She clucked sympathetically. “A difficult life,” she said.
Each hardship that the pilgrim experiences on his way
brings him added grace in the eyes of God. I began to feel that
all forty-five of us, including my infidel self, must be storing
up many indulgences as the morning grew hotter. The dust
continued to pour in, my limbs grew cramped and aching, and
the truck creaked and rolled from side to side, giving me a
good whack in the back of the head with a bare bolt in the
woodwork every time the wheels hit a pothole. The
company’s spirits had wilted in direct proportion to its
discomfort, but when we climbed up out of a rut and onto the
paved part of the road, the boys burst into song again. We
roared along the straight pavement at an incredible speed of
twenty miles an hour, and there was no dust. We were hot,
hungry and dusty but we were going to Karbala!
Excitement mounted when we reached the Karbala-
Baghdad crossroads, which had been transformed by the
pilgrim traffic from a quiet truck and taxi stop into a thronging
metropolis. Buses, trucks, private cars, donkey carts and
walking pilgrims were pausing here for lunch and rest on their
way to the holy city.
Our truck had not even stopped before the sherbet sellers
and the sweets peddlers crowded up to the doors and
windows.
“Sammoon, sammoon haar!”
A little boy bore on his head
a tray of the fish-shaped loaves of white bread.
“Khubuz, khubuz laham,”
croaked an old man.
A clatter of castanets announced the cold drink seller, a
glass barrel of iced liquid strapped to his shoulder, who called,
“Tamurhindi! Tamurhindi!”
and banged his round brass
castanets once more.
The smell of lamb roasting over charcoal braziers reminded
me that I had not eaten since five that morning. With Fatima
and Rajat I made a tour of the stalls which had been hurriedly
set up to handle the pilgrims. We ordered kebab and squatted
down by the roadside, as scores of other women were doing,
to watch our meat wrapped around skewers and put on the
fire, for Fatima, good housewife that she was, would not have
dreamed of eating kebab that was already cooked, that had
been handled by many people and visited by families of flies.

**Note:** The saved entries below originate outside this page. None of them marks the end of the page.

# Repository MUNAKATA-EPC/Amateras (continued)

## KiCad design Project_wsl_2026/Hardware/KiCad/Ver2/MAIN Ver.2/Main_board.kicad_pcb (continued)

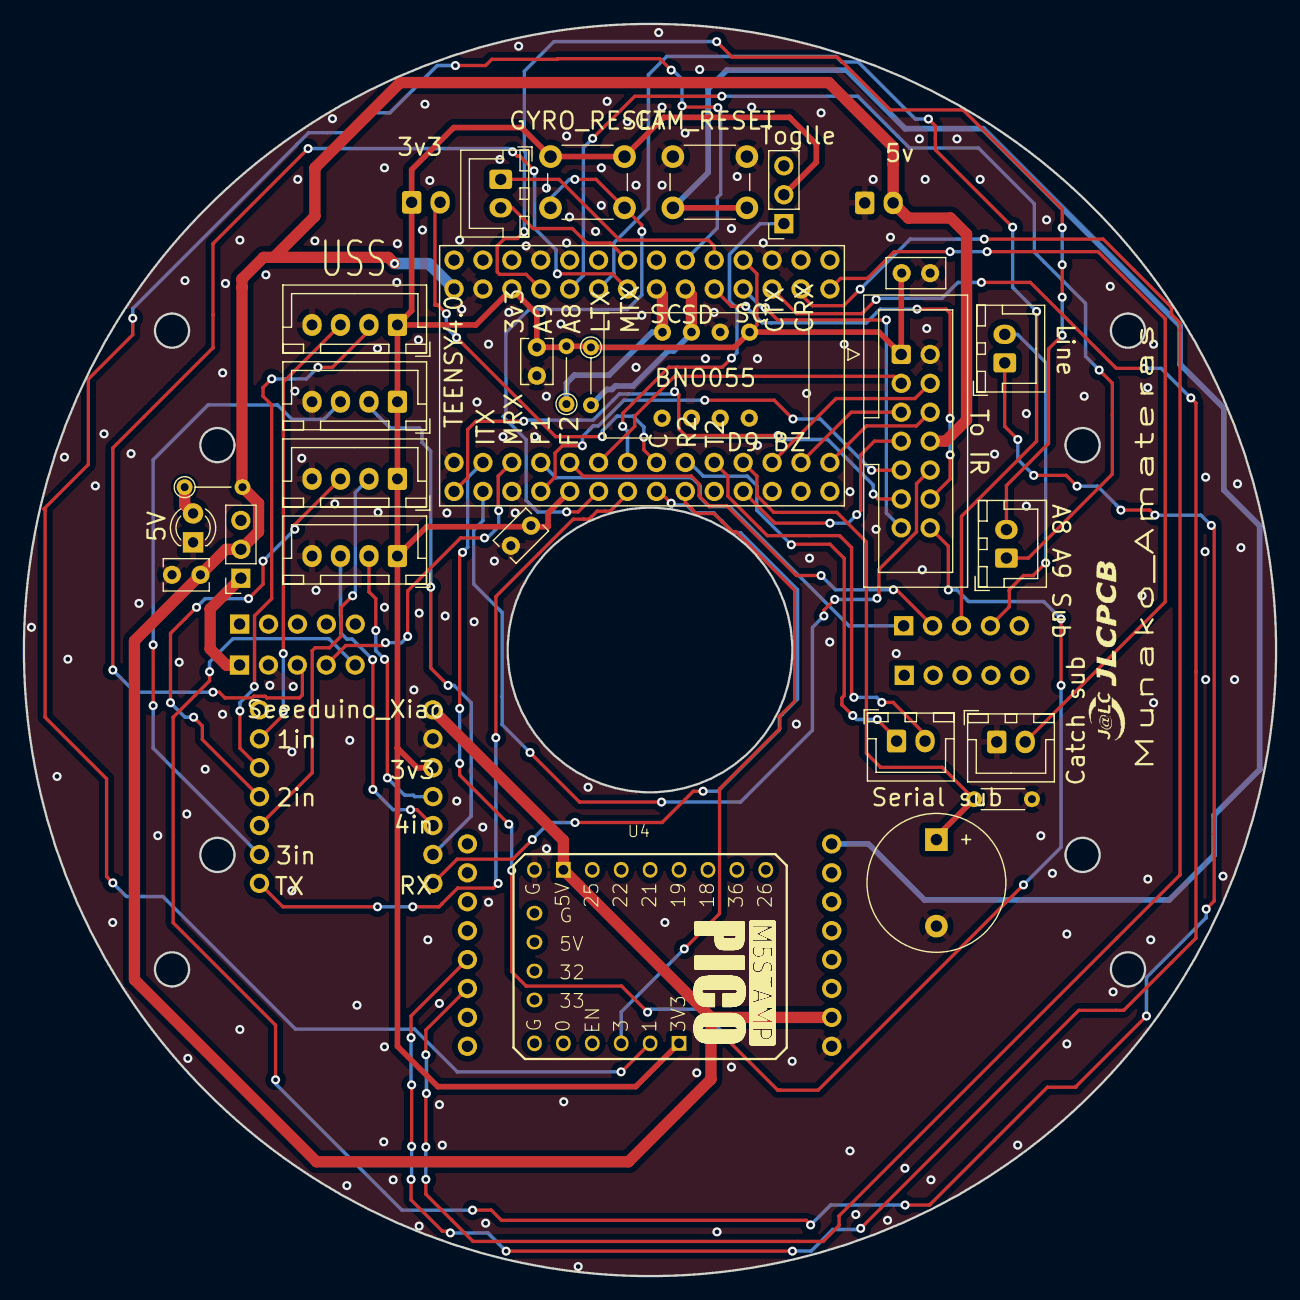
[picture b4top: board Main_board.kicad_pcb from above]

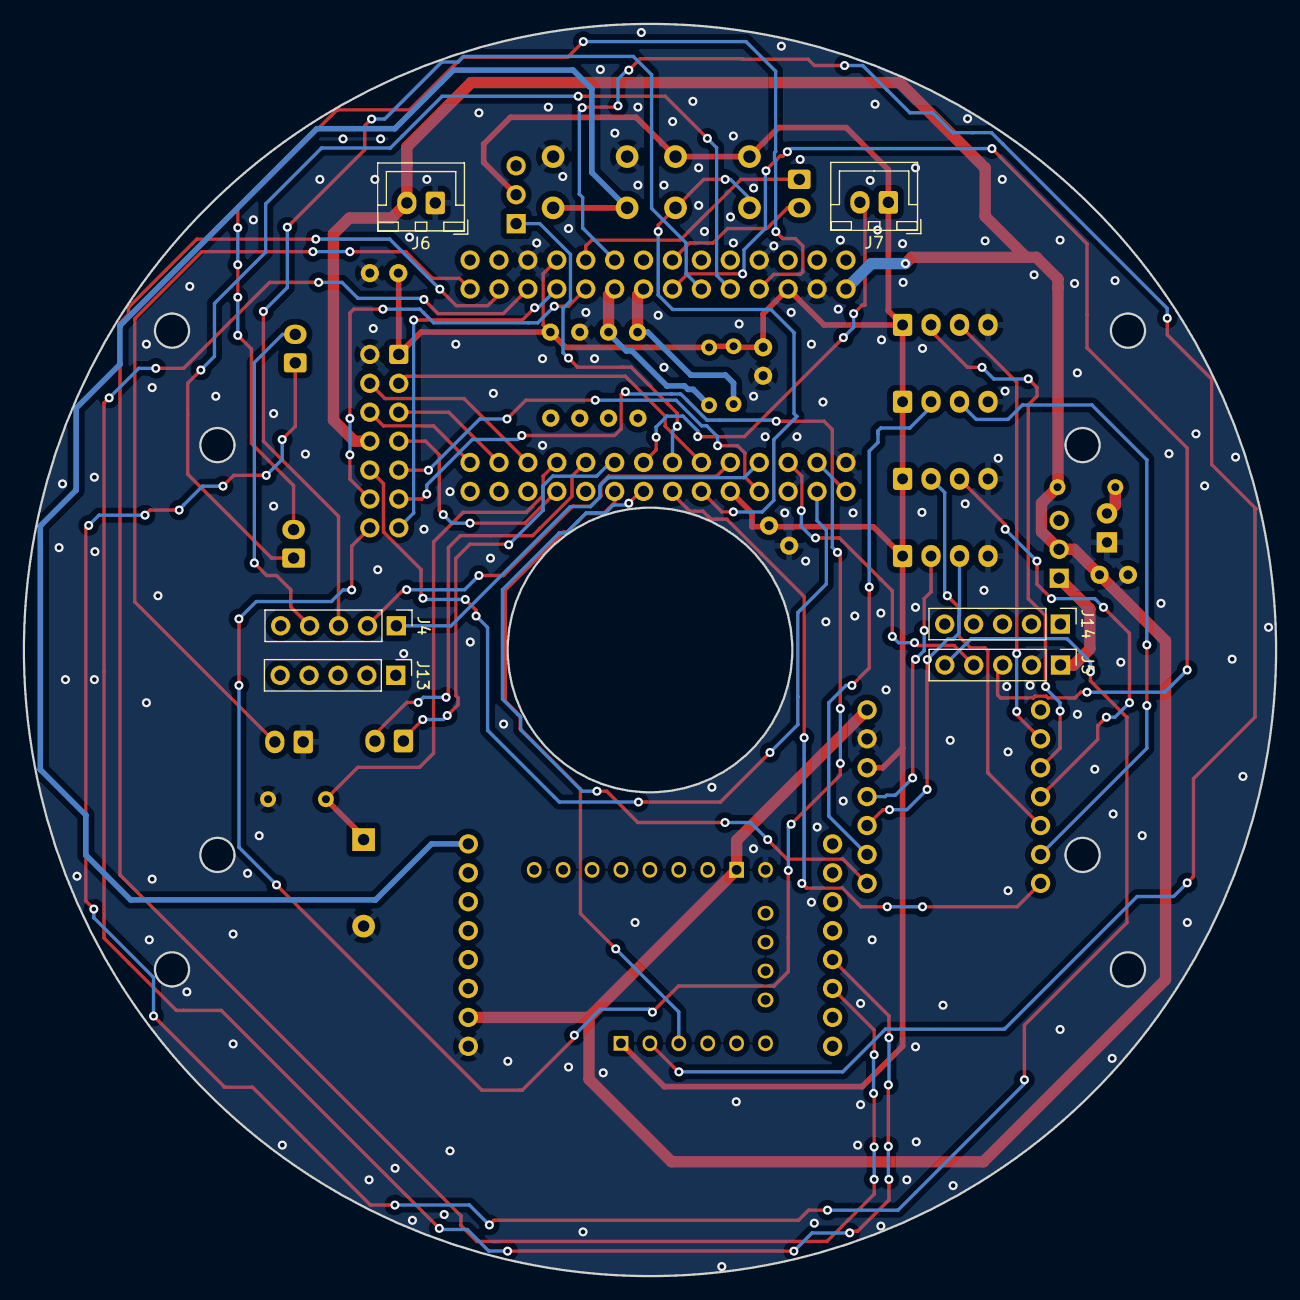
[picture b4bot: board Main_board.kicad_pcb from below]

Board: 2 copper layers, 110.0 x 110.0 mm, 35 parts (7 on the bottom side), 51 nets.

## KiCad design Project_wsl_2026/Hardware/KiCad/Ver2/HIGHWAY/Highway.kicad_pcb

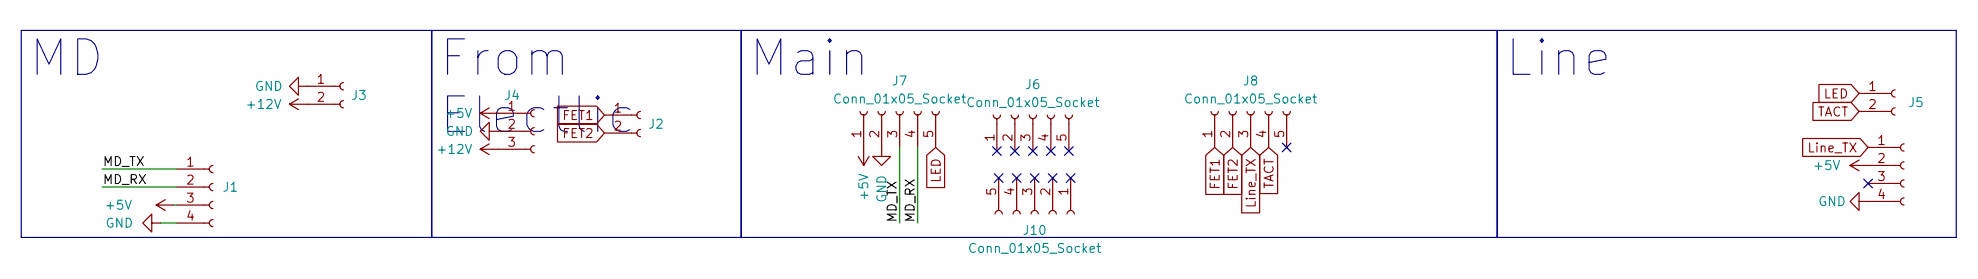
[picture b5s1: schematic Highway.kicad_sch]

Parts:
J1, J9: Conn_01x04_Socket; JST_XH_B4B-XH-A_1x04_P2.50mm_Vertical
J2, J3, J5: Conn_01x02_Socket; JST_XH_B2B-XH-A_1x02_P2.50mm_Vertical
J4: Conn_01x03_Socket; JST_XH_B3B-XH-A_1x03_P2.50mm_Vertical
J6, J7, J8, J10: Conn_01x05_Socket; PinSocket_1x05_P2.54mm_Vertical

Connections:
+5V: J1.3, J4.1, J7.1, J9.2
+12V: J3.2, J4.3
/MD_RX: J1.2, J7.4
/MD_TX: J1.1, J7.3
FET1: J2.1, J8.1
FET2: J2.2, J8.2
GND: J1.4, J3.1, J4.2, J7.2, J9.4
LED: J5.1, J7.5
Line_TX: J8.3, J9.1
TACT: J5.2, J8.4

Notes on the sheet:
From Electlic
Line
Main

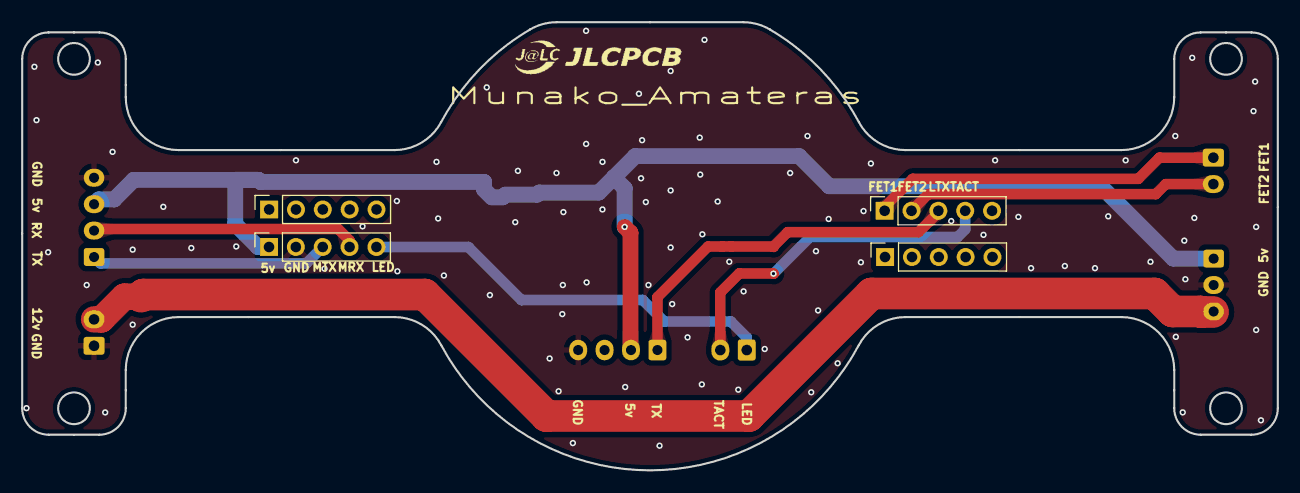
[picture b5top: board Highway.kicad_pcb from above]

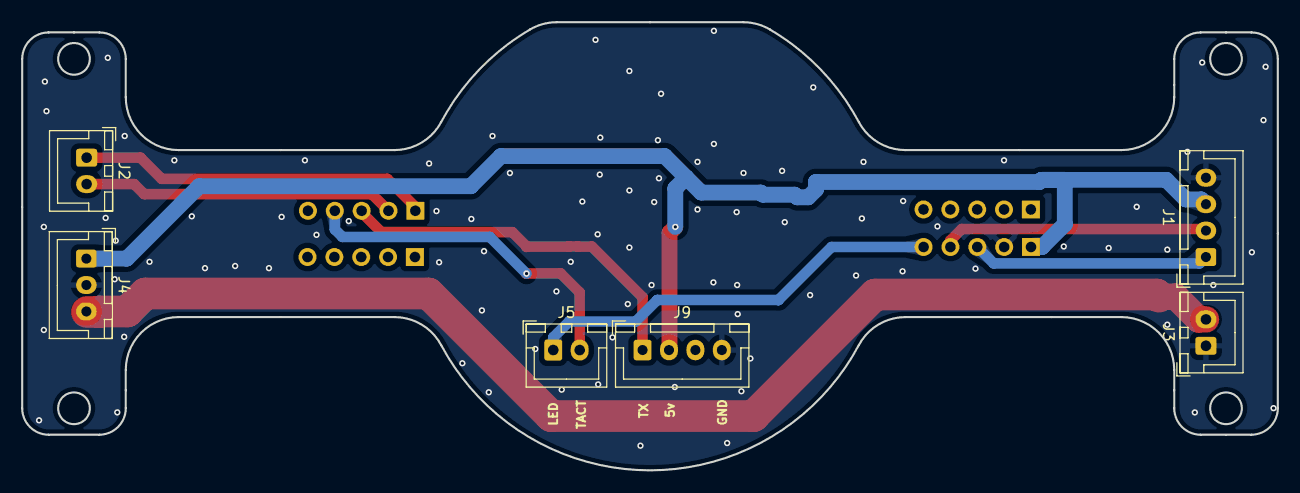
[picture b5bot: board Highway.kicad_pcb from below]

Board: 2 copper layers, 118.8 x 42.4 mm, 10 parts (6 on the bottom side), 10 nets.

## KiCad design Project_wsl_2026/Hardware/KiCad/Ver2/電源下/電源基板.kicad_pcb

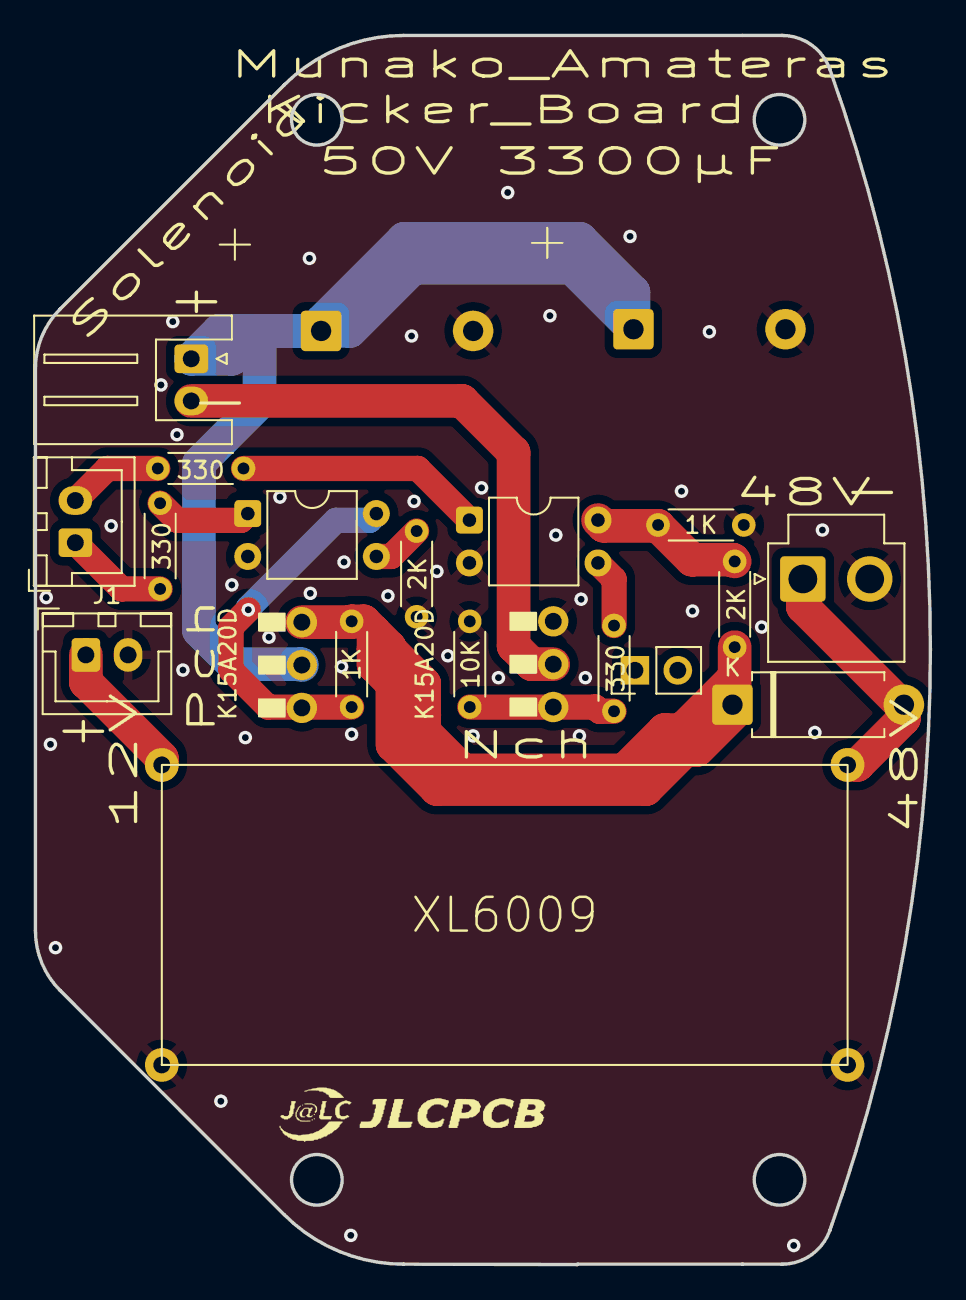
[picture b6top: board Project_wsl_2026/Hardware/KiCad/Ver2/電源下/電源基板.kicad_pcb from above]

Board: 2 copper layers, 53.0 x 72.8 mm, 21 parts (0 on the bottom side), 15 nets.

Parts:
1K, 1K#2: 1K; R_Axial_DIN0204_L3.6mm_D1.6mm_P5.08mm_Horizontal
2K, 2K#2: 2K; R_Axial_DIN0204_L3.6mm_D1.6mm_P5.08mm_Horizontal
10K: 10K; R_Axial_DIN0204_L3.6mm_D1.6mm_P5.08mm_Horizontal
330, 330#2, 330#3: 330; R_Axial_DIN0204_L3.6mm_D1.6mm_P5.08mm_Horizontal
C1, C4: C; 3300μF 50v
D2: D; D_DO-15_P10.16mm_Horizontal
FET: Conn_01x02_Socket; JST_XH_B2B-XH-A_1x02_P2.50mm_Vertical
J1: Conn_01x02_Socket; JST_XH_B2B-XH-A_1x02_P2.50mm_Vertical
J3: Conn_01x02_Socket; JST_VH_B2P-VH_1x02_P3.96mm_Vertical
J4: Conn_01x02_Socket; PinHeader_1x02_P2.54mm_Vertical
Q1: PMOS; K15A20D
Q2: NMOS; K15A20D
Solenoid: Conn_01x02_Socket; JST_XH_S2B-XH-A_1x02_P2.50mm_Horizontal
U2: XL6009
U3, U4: EL817; DIP-4_W7.62mm

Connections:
+12V: J1.1, U2.1 (IN＋)
+15V: 1K.1, 2K#2.2, U4.4
+48V: 1K#2.1, 2K#2.1, D2.1 (K), Q1.3 (S)
FET1: 330.1, FET.1
FET２: 330#3.1, FET.2
GND: 1K.2, 2K.2, 10K.2, C1.2, C4.2, J1.2, J3.2, Q2.3 (S), U2.2 (IN－), U2.4 (OUT－), U3.2, U4.2
unnamed: D2.2 (A), J3.1, U2.3 (OUT＋)
unnamed: 1K#2.2, Q1.2 (G), U3.4
unnamed: 10K.1, 330#2.1, Q2.2 (G)
unnamed: 330.2, U3.1
unnamed: 330#3.2, U4.1
unnamed: 2K.1, U3.3
unnamed: 330#2.2, U4.3
Solenoid+: C1.1, C4.1, Q1.1 (D), Solenoid.1
Solenoid-: Q2.1 (D), Solenoid.2

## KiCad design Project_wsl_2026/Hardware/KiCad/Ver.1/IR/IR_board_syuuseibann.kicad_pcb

We bought some hot khubuz to hold the kebab and its
traditional accompaniments: tomatoes, onions and young
celery leaves chosen from big blue enamel bowls on the
counter and washed ceremoniously before our eyes by the
hands of the proprietor himself. As a final noble gesture he
threw in a few turnip pickles at no extra charge, and we settled
back by the roadside to enjoy our meal.
After devouring our lunch we bought tea, and Fatima tried
to persuade Rajat to go across the road and down the street to
the public market to buy us a watermelon for dessert. But
Rajat had never been out of El Nahra before and was afraid to
leave us. Fatima cajoled, pleaded, ordered; Rajat remained
stubborn. So, rather than make a public scene, Fatima
gathered her abayah around her, threw a particularly scornful
look at Rajat, and marched across the road where, in an empty
field under some dusty palms, a few of the women from our
truck were taking their ease. We sat beside them and finished
my thermos of lukewarm water.
It was pleasant in the shade. We were secluded under the
trees and yet had an excellent view of the comings and goings
at the crossroads. Every few minutes a truckload of young
men and boys would careen around the intersection and head
out the Karbala road. The trucks bore hand-lettered banners
which swelled in the wind as they rounded the corner.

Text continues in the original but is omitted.